:: SOURCE DATA

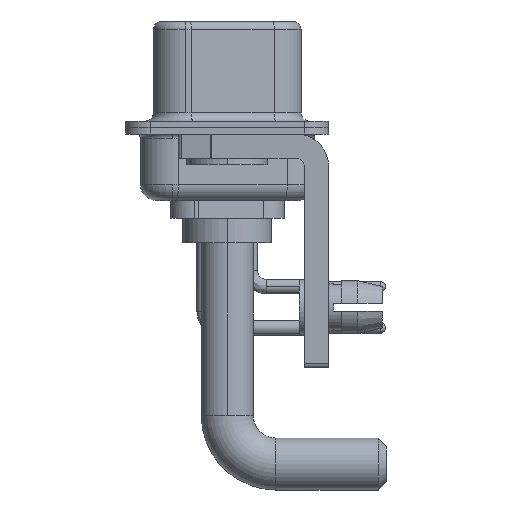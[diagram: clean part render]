
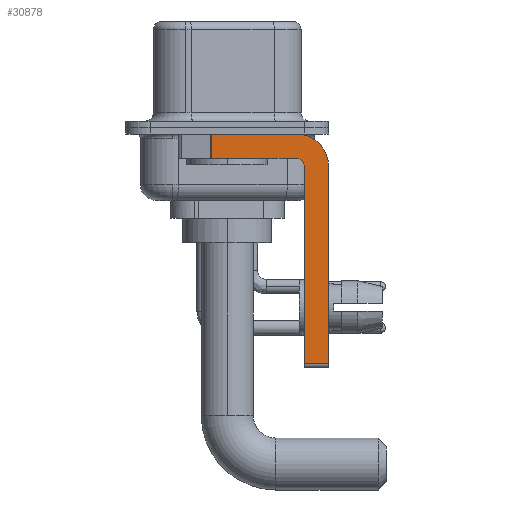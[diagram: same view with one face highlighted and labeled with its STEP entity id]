
A CAD part, left-side view. The second image highlights one B-rep face of the part: STEP entity #30878.
In plain terms, the highlighted planar face has unit normal (-1, 0, 0).
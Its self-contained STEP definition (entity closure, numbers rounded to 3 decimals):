
#210 = CARTESIAN_POINT ( 'NONE',  ( -2.9, -4.25, -1.9 ) ) ;
#445 = VECTOR ( 'NONE', #22715, 1000. ) ;
#767 = AXIS2_PLACEMENT_3D ( 'NONE', #20279, #29829, #8388 ) ;
#1128 = CARTESIAN_POINT ( 'NONE',  ( -2.9, -4.75, -14.8 ) ) ;
#1588 = DIRECTION ( 'NONE',  ( 0., 0., 1. ) ) ;
#1725 = VERTEX_POINT ( 'NONE', #17543 ) ;
#1834 = ORIENTED_EDGE ( 'NONE', *, *, #19978, .T. ) ;
#1857 = CARTESIAN_POINT ( 'NONE',  ( -2.9, -4.75, -14.55 ) ) ;
#1899 = CARTESIAN_POINT ( 'NONE',  ( -2.9, -4.25, -2.4 ) ) ;
#2210 = EDGE_CURVE ( 'NONE', #24412, #15357, #15949, .T. ) ;
#2808 = ORIENTED_EDGE ( 'NONE', *, *, #24851, .F. ) ;
#4094 = CARTESIAN_POINT ( 'NONE',  ( -2.9, 3., -0.4 ) ) ;
#4206 = LINE ( 'NONE', #25800, #14625 ) ;
#5063 = ORIENTED_EDGE ( 'NONE', *, *, #18390, .F. ) ;
#5090 = ORIENTED_EDGE ( 'NONE', *, *, #2210, .T. ) ;
#5228 = VERTEX_POINT ( 'NONE', #210 ) ;
#5331 = CARTESIAN_POINT ( 'NONE',  ( -2.9, -4.25, -1.9 ) ) ;
#5920 = CARTESIAN_POINT ( 'NONE',  ( -2.9, -4.25, -2.4 ) ) ;
#6095 = CARTESIAN_POINT ( 'NONE',  ( -2.9, -4.75, -2.4 ) ) ;
#6229 = CARTESIAN_POINT ( 'NONE',  ( -2.9, -4.25, -0.4 ) ) ;
#6459 = LINE ( 'NONE', #4094, #30414 ) ;
#6878 = LINE ( 'NONE', #1128, #445 ) ;
#7685 = EDGE_CURVE ( 'NONE', #9255, #10577, #23961, .T. ) ;
#8188 = ORIENTED_EDGE ( 'NONE', *, *, #28581, .F. ) ;
#8388 = DIRECTION ( 'NONE',  ( 0., 0., -1. ) ) ;
#9255 = VERTEX_POINT ( 'NONE', #6229 ) ;
#10577 = VERTEX_POINT ( 'NONE', #23257 ) ;
#11594 = DIRECTION ( 'NONE',  ( 0., -1., 0. ) ) ;
#11975 = AXIS2_PLACEMENT_3D ( 'NONE', #5920, #15158, #21870 ) ;
#12229 = LINE ( 'NONE', #5331, #13660 ) ;
#12436 = EDGE_CURVE ( 'NONE', #24412, #9255, #6459, .T. ) ;
#12977 = VERTEX_POINT ( 'NONE', #6095 ) ;
#13479 = DIRECTION ( 'NONE',  ( -1., 0., 0. ) ) ;
#13660 = VECTOR ( 'NONE', #28965, 1000. ) ;
#13769 = VECTOR ( 'NONE', #19497, 1000. ) ;
#14122 = CIRCLE ( 'NONE', #23139, 0.5 ) ;
#14625 = VECTOR ( 'NONE', #19051, 1000. ) ;
#15158 = DIRECTION ( 'NONE',  ( 1., 0., 0. ) ) ;
#15357 = VERTEX_POINT ( 'NONE', #21786 ) ;
#15416 = CARTESIAN_POINT ( 'NONE',  ( -2.9, 0.978, -0.4 ) ) ;
#15765 = FACE_OUTER_BOUND ( 'NONE', #27737, .T. ) ;
#15949 = LINE ( 'NONE', #25493, #26688 ) ;
#17543 = CARTESIAN_POINT ( 'NONE',  ( -2.9, -6.25, -14.55 ) ) ;
#17699 = ORIENTED_EDGE ( 'NONE', *, *, #30725, .F. ) ;
#18330 = ORIENTED_EDGE ( 'NONE', *, *, #12436, .F. ) ;
#18390 = EDGE_CURVE ( 'NONE', #12977, #5228, #14122, .T. ) ;
#19051 = DIRECTION ( 'NONE',  ( 0., -1., 0. ) ) ;
#19497 = DIRECTION ( 'NONE',  ( 0., 0., -1. ) ) ;
#19978 = EDGE_CURVE ( 'NONE', #30496, #1725, #4206, .T. ) ;
#20279 = CARTESIAN_POINT ( 'NONE',  ( -2.9, -4.25, -2.4 ) ) ;
#21684 = CARTESIAN_POINT ( 'NONE',  ( -2.9, -6.25, -2.4 ) ) ;
#21786 = CARTESIAN_POINT ( 'NONE',  ( -2.9, 0.978, -1.9 ) ) ;
#21870 = DIRECTION ( 'NONE',  ( 0., 0., -1. ) ) ;
#22715 = DIRECTION ( 'NONE',  ( 0., 0., 1. ) ) ;
#23139 = AXIS2_PLACEMENT_3D ( 'NONE', #1899, #13479, #1588 ) ;
#23257 = CARTESIAN_POINT ( 'NONE',  ( -2.9, -6.25, -2.4 ) ) ;
#23961 = CIRCLE ( 'NONE', #11975, 2. ) ;
#24412 = VERTEX_POINT ( 'NONE', #15416 ) ;
#24851 = EDGE_CURVE ( 'NONE', #30496, #12977, #6878, .T. ) ;
#25183 = DIRECTION ( 'NONE',  ( 0., 0., -1. ) ) ;
#25300 = PLANE ( 'NONE',  #767 ) ;
#25493 = CARTESIAN_POINT ( 'NONE',  ( -2.9, 0.978, -1.9 ) ) ;
#25800 = CARTESIAN_POINT ( 'NONE',  ( -2.9, -4.25, -14.55 ) ) ;
#26247 = LINE ( 'NONE', #21684, #13769 ) ;
#26688 = VECTOR ( 'NONE', #25183, 1000. ) ;
#27737 = EDGE_LOOP ( 'NONE', ( #18330, #5090, #8188, #5063, #2808, #1834, #17699, #29109 ) ) ;
#28581 = EDGE_CURVE ( 'NONE', #5228, #15357, #12229, .T. ) ;
#28965 = DIRECTION ( 'NONE',  ( 0., 1., 0. ) ) ;
#29109 = ORIENTED_EDGE ( 'NONE', *, *, #7685, .F. ) ;
#29829 = DIRECTION ( 'NONE',  ( 1., 0., 0. ) ) ;
#30414 = VECTOR ( 'NONE', #11594, 1000. ) ;
#30496 = VERTEX_POINT ( 'NONE', #1857 ) ;
#30725 = EDGE_CURVE ( 'NONE', #10577, #1725, #26247, .T. ) ;
#30878 = ADVANCED_FACE ( 'NONE', ( #15765 ), #25300, .F. ) ;

::::

* [EXERCISE PROMPT]
Search the material for the word "CIRCLE" and copy every matching line.

* [WORKED SOLUTION]
#14122 = CIRCLE ( 'NONE', #23139, 0.5 ) ;
#23961 = CIRCLE ( 'NONE', #11975, 2. ) ;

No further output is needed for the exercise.